Whence this sudden strength of character?”

  He slowly bent and retrieved his book. He made her wait as he thumbed through the pages to find his place again, then replied, “Got a calling.”

  “By what reasoning do you call what you got a ‘calling’?”

  “ ‘Behold, thou hast driven me out this day from the face of the earth,’ ” he recited, without need to consult the text, “ ‘and from thy face shall I be hid; and I shall be a fugitive and vagabond in the earth; and it shall come to pass that every one that findeth me shall slay me. And the Lord said unto him, “Therefore whosoever slayeth Cain, vengeance shall be taken on him sevenfold. And the Lord set a mark upon Cain, lest any finding him should kill him.” ’ ”

  Almira went inside.

  One autumn Saturday a customer arrived not even John Senior could drive away. She came from the southeast, straight across the prairie, mounted legs apart like a man. Her head was covered with a straw sun hat tied with a green silk ribbon, which shadowed her face until she was ready to dismount.
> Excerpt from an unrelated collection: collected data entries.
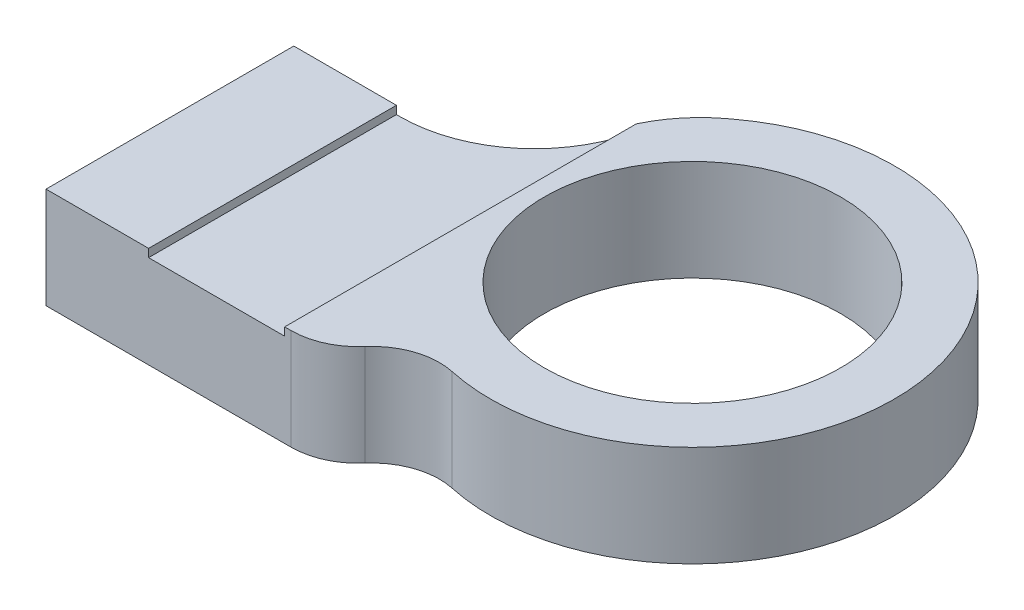
ISO-10303-21;
HEADER;
FILE_DESCRIPTION(('STEP AP214'),'2;1');
FILE_NAME('part.step','',(''),(''),'','','');
FILE_SCHEMA(('AUTOMOTIVE_DESIGN { 1 0 10303 214 1 1 1 1 }'));
ENDSEC;
DATA;
#1=APPLICATION_CONTEXT('core data for automotive mechanical design processes');
#2=APPLICATION_PROTOCOL_DEFINITION('international standard','automotive_design',2000,#1);
#3=PRODUCT_CONTEXT('',#1,'mechanical');
#4=PRODUCT('Part','Part','',(#3));
#5=PRODUCT_RELATED_PRODUCT_CATEGORY('part','',(#4));
#6=PRODUCT_DEFINITION_FORMATION('','',#4);
#7=PRODUCT_DEFINITION_CONTEXT('part definition',#1,'design');
#8=PRODUCT_DEFINITION('design','',#6,#7);
#9=PRODUCT_DEFINITION_SHAPE('','',#8);
#10=(LENGTH_UNIT() NAMED_UNIT(*) SI_UNIT(.MILLI.,.METRE.));
#11=(NAMED_UNIT(*) PLANE_ANGLE_UNIT() SI_UNIT($,.RADIAN.));
#12=(NAMED_UNIT(*) SI_UNIT($,.STERADIAN.) SOLID_ANGLE_UNIT());
#13=UNCERTAINTY_MEASURE_WITH_UNIT(LENGTH_MEASURE(1.E-05),#10,'distance_accuracy_value','');
#14=(GEOMETRIC_REPRESENTATION_CONTEXT(3) GLOBAL_UNCERTAINTY_ASSIGNED_CONTEXT((#13)) GLOBAL_UNIT_ASSIGNED_CONTEXT((#10,
#11,#12)) REPRESENTATION_CONTEXT('',''));
#15=CARTESIAN_POINT('',(0.,0.,0.));
#16=DIRECTION('',(0.,0.,1.));
#17=DIRECTION('',(1.,0.,0.));
#18=AXIS2_PLACEMENT_3D('',#15,#16,#17);
#19=CARTESIAN_POINT('',(0.,1.9,0.));
#20=DIRECTION('',(0.,-1.,0.));
#21=DIRECTION('',(0.,0.,-1.));
#22=AXIS2_PLACEMENT_3D('',#19,#20,#21);
#23=PLANE('',#22);
#24=DIRECTION('',(0.,0.,-1.));
#25=VECTOR('',#24,1.);
#26=CARTESIAN_POINT('',(-12.2803398874989,1.9,18.));
#27=LINE('',#26,#25);
#28=CARTESIAN_POINT('',(-12.2803398874989,1.9,18.));
#29=VERTEX_POINT('',#28);
#30=CARTESIAN_POINT('',(-12.2803398874989,1.9,-8.10913451879451));
#31=VERTEX_POINT('',#30);
#32=EDGE_CURVE('E268',#29,#31,#27,.T.);
#33=ORIENTED_EDGE('',*,*,#32,.T.);
#34=CARTESIAN_POINT('',(-3.2484944658867,1.9,-3.8166098211251));
#35=DIRECTION('',(0.,-1.,0.));
#36=DIRECTION('',(0.,0.,-1.));
#37=AXIS2_PLACEMENT_3D('',#34,#35,#36);
#38=CIRCLE('',#37,10.);
#39=CARTESIAN_POINT('',(-12.6912029458819,1.9,-7.10830491056255));
#40=VERTEX_POINT('',#39);
#41=EDGE_CURVE('E11',#31,#40,#38,.F.);
#42=ORIENTED_EDGE('',*,*,#41,.T.);
#43=CARTESIAN_POINT('',(-22.1339114258771,1.9,-10.4));
#44=DIRECTION('',(0.,-1.,0.));
#45=DIRECTION('',(0.,0.,-1.));
#46=AXIS2_PLACEMENT_3D('',#43,#44,#45);
#47=CIRCLE('',#46,10.);
#48=CARTESIAN_POINT('',(-22.1339114258771,1.9,-0.399999999999998));
#49=VERTEX_POINT('',#48);
#50=EDGE_CURVE('E236',#40,#49,#47,.T.);
#51=ORIENTED_EDGE('',*,*,#50,.T.);
#52=DIRECTION('',(-1.,0.,0.));
#53=VECTOR('',#52,1.);
#54=CARTESIAN_POINT('',(0.,1.9,-0.399999999999998));
#55=LINE('',#54,#53);
#56=CARTESIAN_POINT('',(-22.3803398874989,1.9,-0.399999999999998));
#57=VERTEX_POINT('',#56);
#58=EDGE_CURVE('E164',#49,#57,#55,.T.);
#59=ORIENTED_EDGE('',*,*,#58,.T.);
#60=DIRECTION('',(0.,0.,-1.));
#61=VECTOR('',#60,1.);
#62=CARTESIAN_POINT('',(-22.3803398874989,1.9,-2.));
#63=LINE('',#62,#61);
#64=CARTESIAN_POINT('',(-22.3803398874989,1.9,18.));
#65=VERTEX_POINT('',#64);
#66=EDGE_CURVE('E316',#65,#57,#63,.T.);
#67=ORIENTED_EDGE('',*,*,#66,.F.);
#68=DIRECTION('',(-1.,0.,0.));
#69=VECTOR('',#68,1.);
#70=CARTESIAN_POINT('',(-23.8803398874989,1.9,18.));
#71=LINE('',#70,#69);
#72=EDGE_CURVE('E292',#29,#65,#71,.T.);
#73=ORIENTED_EDGE('',*,*,#72,.F.);
#74=EDGE_LOOP('',(#33,#42,#51,#59,#67,#73));
#75=FACE_BOUND('',#74,.T.);
#76=ADVANCED_FACE('F45',(#75),#23,.F.);
#77=CARTESIAN_POINT('',(0.,2.5,0.));
#78=DIRECTION('',(0.,-1.,0.));
#79=DIRECTION('',(0.,0.,-1.));
#80=AXIS2_PLACEMENT_3D('',#77,#78,#79);
#81=CYLINDRICAL_SURFACE('',#80,15.);
#82=CARTESIAN_POINT('',(0.,2.5,0.));
#83=DIRECTION('',(0.,1.,0.));
#84=DIRECTION('',(0.,0.,1.));
#85=AXIS2_PLACEMENT_3D('',#82,#83,#84);
#86=CIRCLE('',#85,15.);
#87=CARTESIAN_POINT('',(-3.1833752096446,2.5,14.6583123951777));
#88=VERTEX_POINT('',#87);
#89=CARTESIAN_POINT('',(-9.,2.5,-12.));
#90=VERTEX_POINT('',#89);
#91=EDGE_CURVE('E191',#88,#90,#86,.T.);
#92=ORIENTED_EDGE('',*,*,#91,.F.);
#93=DIRECTION('',(0.,-1.,0.));
#94=VECTOR('',#93,1.);
#95=CARTESIAN_POINT('',(-3.1833752096446,2.5,14.6583123951777));
#96=LINE('',#95,#94);
#97=CARTESIAN_POINT('',(-3.1833752096446,-5.,14.6583123951777));
#98=VERTEX_POINT('',#97);
#99=EDGE_CURVE('E206',#88,#98,#96,.T.);
#100=ORIENTED_EDGE('',*,*,#99,.T.);
#101=CARTESIAN_POINT('',(0.,-5.,0.));
#102=DIRECTION('',(0.,-1.,0.));
#103=DIRECTION('',(0.,0.,-1.));
#104=AXIS2_PLACEMENT_3D('',#101,#102,#103);
#105=CIRCLE('',#104,15.);
#106=CARTESIAN_POINT('',(-9.,-5.,-12.));
#107=VERTEX_POINT('',#106);
#108=EDGE_CURVE('E178',#107,#98,#105,.T.);
#109=ORIENTED_EDGE('',*,*,#108,.F.);
#110=DIRECTION('',(0.,-1.,0.));
#111=VECTOR('',#110,1.);
#112=CARTESIAN_POINT('',(-9.,2.5,-12.));
#113=LINE('',#112,#111);
#114=EDGE_CURVE('E196',#107,#90,#113,.F.);
#115=ORIENTED_EDGE('',*,*,#114,.T.);
#116=EDGE_LOOP('',(#92,#100,#109,#115));
#117=FACE_BOUND('',#116,.T.);
#118=ADVANCED_FACE('F273',(#117),#81,.T.);
#119=CARTESIAN_POINT('',(0.,2.5,0.));
#120=DIRECTION('',(0.,1.,0.));
#121=DIRECTION('',(0.,0.,1.));
#122=AXIS2_PLACEMENT_3D('',#119,#120,#121);
#123=PLANE('',#122);
#124=DIRECTION('',(1.,0.,0.));
#125=VECTOR('',#124,1.);
#126=CARTESIAN_POINT('',(-30.,2.5,-0.399999999999998));
#127=LINE('',#126,#125);
#128=CARTESIAN_POINT('',(-30.,2.5,-0.399999999999998));
#129=VERTEX_POINT('',#128);
#130=CARTESIAN_POINT('',(-22.3803398874989,2.5,-0.399999999999998));
#131=VERTEX_POINT('',#130);
#132=EDGE_CURVE('E154',#129,#131,#127,.T.);
#133=ORIENTED_EDGE('',*,*,#132,.F.);
#134=DIRECTION('',(0.,0.,1.));
#135=VECTOR('',#134,1.);
#136=CARTESIAN_POINT('',(-30.,2.5,10.));
#137=LINE('',#136,#135);
#138=CARTESIAN_POINT('',(-30.,2.5,18.));
#139=VERTEX_POINT('',#138);
#140=EDGE_CURVE('E162',#129,#139,#137,.T.);
#141=ORIENTED_EDGE('',*,*,#140,.T.);
#142=DIRECTION('',(-1.,0.,0.));
#143=VECTOR('',#142,1.);
#144=CARTESIAN_POINT('',(-30.,2.5,18.));
#145=LINE('',#144,#143);
#146=CARTESIAN_POINT('',(-22.3803398874989,2.5,18.));
#147=VERTEX_POINT('',#146);
#148=EDGE_CURVE('E180',#147,#139,#145,.T.);
#149=ORIENTED_EDGE('',*,*,#148,.F.);
#150=DIRECTION('',(0.,0.,-1.));
#151=VECTOR('',#150,1.);
#152=CARTESIAN_POINT('',(-22.3803398874989,2.5,-2.));
#153=LINE('',#152,#151);
#154=EDGE_CURVE('E309',#147,#131,#153,.T.);
#155=ORIENTED_EDGE('',*,*,#154,.T.);
#156=EDGE_LOOP('',(#133,#141,#149,#155));
#157=FACE_BOUND('',#156,.T.);
#158=ADVANCED_FACE('F308',(#157),#123,.T.);
#159=CARTESIAN_POINT('',(-30.,2.5,10.));
#160=DIRECTION('',(1.,0.,0.));
#161=DIRECTION('',(0.,0.,-1.));
#162=AXIS2_PLACEMENT_3D('',#159,#160,#161);
#163=PLANE('',#162);
#164=ORIENTED_EDGE('',*,*,#140,.F.);
#165=DIRECTION('',(0.,1.,0.));
#166=VECTOR('',#165,1.);
#167=CARTESIAN_POINT('',(-30.,-5.,-0.399999999999998));
#168=LINE('',#167,#166);
#169=CARTESIAN_POINT('',(-30.,-5.,-0.399999999999998));
#170=VERTEX_POINT('',#169);
#171=EDGE_CURVE('E145',#170,#129,#168,.T.);
#172=ORIENTED_EDGE('',*,*,#171,.F.);
#173=DIRECTION('',(0.,0.,-1.));
#174=VECTOR('',#173,1.);
#175=CARTESIAN_POINT('',(-30.,-5.,10.));
#176=LINE('',#175,#174);
#177=CARTESIAN_POINT('',(-30.,-5.,18.));
#178=VERTEX_POINT('',#177);
#179=EDGE_CURVE('E160',#178,#170,#176,.T.);
#180=ORIENTED_EDGE('',*,*,#179,.F.);
#181=DIRECTION('',(0.,-1.,0.));
#182=VECTOR('',#181,1.);
#183=CARTESIAN_POINT('',(-30.,-5.,18.));
#184=LINE('',#183,#182);
#185=EDGE_CURVE('E173',#139,#178,#184,.T.);
#186=ORIENTED_EDGE('',*,*,#185,.F.);
#187=EDGE_LOOP('',(#164,#172,#180,#186));
#188=FACE_BOUND('',#187,.T.);
#189=ADVANCED_FACE('F158',(#188),#163,.F.);
#190=CARTESIAN_POINT('',(-15.,2.5,-20.));
#191=DIRECTION('',(0.,1.,0.));
#192=DIRECTION('',(0.,0.,1.));
#193=AXIS2_PLACEMENT_3D('',#190,#191,#192);
#194=CIRCLE('',#193,10.);
#195=CARTESIAN_POINT('',(-9.12424723294335,2.5,-11.9083049105626));
#196=VERTEX_POINT('',#195);
#197=EDGE_CURVE('E203',#90,#196,#194,.F.);
#198=ORIENTED_EDGE('',*,*,#197,.T.);
#199=CARTESIAN_POINT('',(-3.2484944658867,2.5,-3.8166098211251));
#200=DIRECTION('',(0.,1.,0.));
#201=DIRECTION('',(0.,0.,1.));
#202=AXIS2_PLACEMENT_3D('',#199,#200,#201);
#203=CIRCLE('',#202,10.);
#204=CARTESIAN_POINT('',(-12.2803398874989,2.5,-8.10913451879451));
#205=VERTEX_POINT('',#204);
#206=EDGE_CURVE('E68',#196,#205,#203,.T.);
#207=ORIENTED_EDGE('',*,*,#206,.T.);
#208=DIRECTION('',(0.,0.,-1.));
#209=VECTOR('',#208,1.);
#210=CARTESIAN_POINT('',(-12.2803398874989,2.5,18.));
#211=LINE('',#210,#209);
#212=CARTESIAN_POINT('',(-12.2803398874989,2.5,18.));
#213=VERTEX_POINT('',#212);
#214=EDGE_CURVE('E290',#213,#205,#211,.T.);
#215=ORIENTED_EDGE('',*,*,#214,.F.);
#216=DIRECTION('',(-1.,0.,0.));
#217=VECTOR('',#216,1.);
#218=CARTESIAN_POINT('',(-13.8803398874989,2.5,18.));
#219=LINE('',#218,#217);
#220=CARTESIAN_POINT('',(-11.8056253494077,2.5,18.));
#221=VERTEX_POINT('',#220);
#222=EDGE_CURVE('E289',#221,#213,#219,.T.);
#223=ORIENTED_EDGE('',*,*,#222,.F.);
#224=CARTESIAN_POINT('',(-11.8056253494077,2.5,13.));
#225=DIRECTION('',(0.,1.,0.));
#226=DIRECTION('',(0.,0.,1.));
#227=AXIS2_PLACEMENT_3D('',#224,#225,#226);
#228=CIRCLE('',#227,5.);
#229=CARTESIAN_POINT('',(-8.0250628144669,2.5,16.2722082634518));
#230=VERTEX_POINT('',#229);
#231=EDGE_CURVE('E221',#221,#230,#228,.T.);
#232=ORIENTED_EDGE('',*,*,#231,.T.);
#233=CARTESIAN_POINT('',(-4.24450027952613,2.5,19.5444165269036));
#234=DIRECTION('',(0.,1.,0.));
#235=DIRECTION('',(0.,0.,1.));
#236=AXIS2_PLACEMENT_3D('',#233,#234,#235);
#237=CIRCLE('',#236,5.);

Junior, who stood at the window describing her approach to the seated Kate, gave a snort of recognition.

  “Who is it?”

  “Seems it’s Mary Ann Dick.”

  The name sent a freezing stab through Kate’s belly. As she waited for the knock on the door, her thoughts flew to those gatherings on the lawn outside the church, to all those choir practices when she intermittently sought and hid from Leroy Dick. He had never showed a glimmer of reaction. And indeed, Kate would have been disappointed if he had responded like all the others. Those other slavering fools, leering and fishing with their eyes—­she despised their desperation, their implicit invitation for her to take advantage of their desire. Indeed, ignoring them was her gift of mercy, as she would not raise their hopes and empty their purses. And in return for this, how they resented her. They would turn to their friends to call her a “peart whore,” an “uppish bitch” giving them “the high hat.” They said it fully in her hearing so that she would know the real nature of their attention.